= TO DO =
The required answer is a copy of each line in the entries below that includes "amount".

[[ AVAILABLE RECORDS open ]]

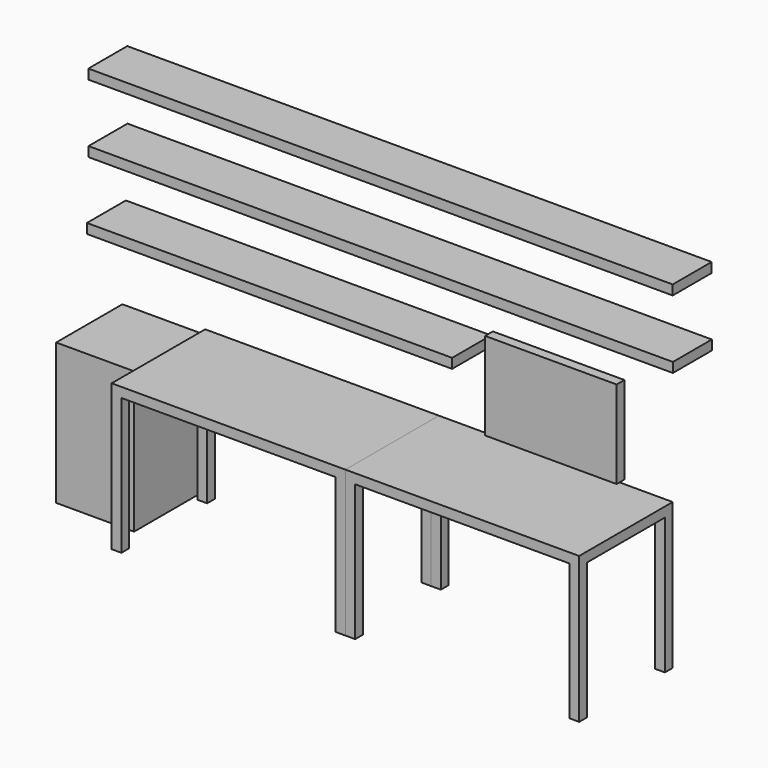
from build123d import *

# Parameters (mm, degrees)
F0_W     = 3048
F0_H     = 50.8
F1_DEPTH = 254
F0_W_2   = 1905
F0_W_3   = 1219.2
F2_DEPTH = 609.6
F3_START = 101.6
F0_W_4   = 685.8
F0_H_2   = 457.2
F3_DEPTH = 50.8
F4_DEPTH = 609.6
F5_W     = 50.8
F5_H     = 50.8
F6_DEPTH = 711.2
F7_DEPTH = 711.2
F0_W_5   = 406.4
F0_H_3   = 736.6
F8_DEPTH = 431.8


with BuildPart() as f1:
    # F0 (on Front) → F1 (new body)
    with BuildSketch(Plane.XZ):
        with Locations((0.2425422668, 1905)):
            Rectangle(F0_W, F0_H)
    extrude(amount=F1_DEPTH)


with BuildPart() as f1b:
    # F0 (on Front) → F1, piece 2 (new body)
    with BuildSketch(Plane.XZ):
        with Locations((1.1422147751, 1549.4)):
            Rectangle(F0_W, F0_H)
    extrude(amount=F1_DEPTH)


with BuildPart() as f1c:
    # F0 (on Front) → F1, piece 3 (new body)
    with BuildSketch(Plane.XZ):
        with Locations((-578.7231035233, 1193.8)):
            Rectangle(F0_W_2, F0_H)
    extrude(amount=F1_DEPTH)


with BuildPart() as f2:
    # F0 (on Front) → F2 (new body)
    with BuildSketch(Plane.XZ):
        with Locations((-508, 736.6)):
            Rectangle(F0_W_3, F0_H)
    extrude(amount=F2_DEPTH)

    # F5 (on face) → F6 (join)
    with BuildSketch(Plane(origin=(0, 0, 711.2), x_dir=(1, 0, 0), z_dir=(0, 0, -1))):
        with Locations((76.2, 584.2)):
            Rectangle(F5_W, F5_H)
        with Locations((-1092.2, 584.2)):
            Rectangle(F5_W, F5_H)
        with Locations((-1092.2, 25.4)):
            Rectangle(F5_W, F5_H)
        with Locations((76.2, 25.4)):
            Rectangle(F5_W, F5_H)
    extrude(amount=F6_DEPTH)


with BuildPart() as f3:
    # F0 (on Front) → F3 (new body)
    with BuildSketch(Plane.XZ.offset(F3_START)):
        with Locations((807.2379013062, 1079.5)):
            Rectangle(F0_W_4, F0_H_2)
    extrude(amount=F3_DEPTH)


with BuildPart() as f4:
    # F0 (on Front) → F4 (new body)
    with BuildSketch(Plane.XZ):
        with Locations((711.2, 736.6)):
            Rectangle(F0_W_3, F0_H)
    extrude(amount=F4_DEPTH)

    # F5 (on face) → F7 (join)
    with BuildSketch(Plane(origin=(0, 0, 711.2), x_dir=(1, 0, 0), z_dir=(0, 0, -1))):
        with Locations((127, 584.2)):
            Rectangle(F5_W, F5_H)
        with Locations((127, 25.4)):
            Rectangle(F5_W, F5_H)
        with Locations((1295.4, 584.2)):
            Rectangle(F5_W, F5_H)
        with Locations((1295.4, 25.4)):
            Rectangle(F5_W, F5_H)
    extrude(amount=F7_DEPTH)


with BuildPart() as f8:
    # F0 (on Front) → F8 (new body)
    with BuildSketch(Plane.XZ):
        with Locations((-1346.2, 368.3)):
            Rectangle(F0_W_5, F0_H_3)
    extrude(amount=F8_DEPTH)


solid = Compound([f1.part, f1b.part, f1c.part, f2.part, f3.part, f4.part, f8.part])

[[ AVAILABLE RECORDS closed ]]

= EXPECTED ANSWER =
    extrude(amount=F1_DEPTH)
    extrude(amount=F1_DEPTH)
    extrude(amount=F1_DEPTH)
    extrude(amount=F2_DEPTH)
    extrude(amount=F6_DEPTH)
    extrude(amount=F3_DEPTH)
    extrude(amount=F4_DEPTH)
    extrude(amount=F7_DEPTH)
    extrude(amount=F8_DEPTH)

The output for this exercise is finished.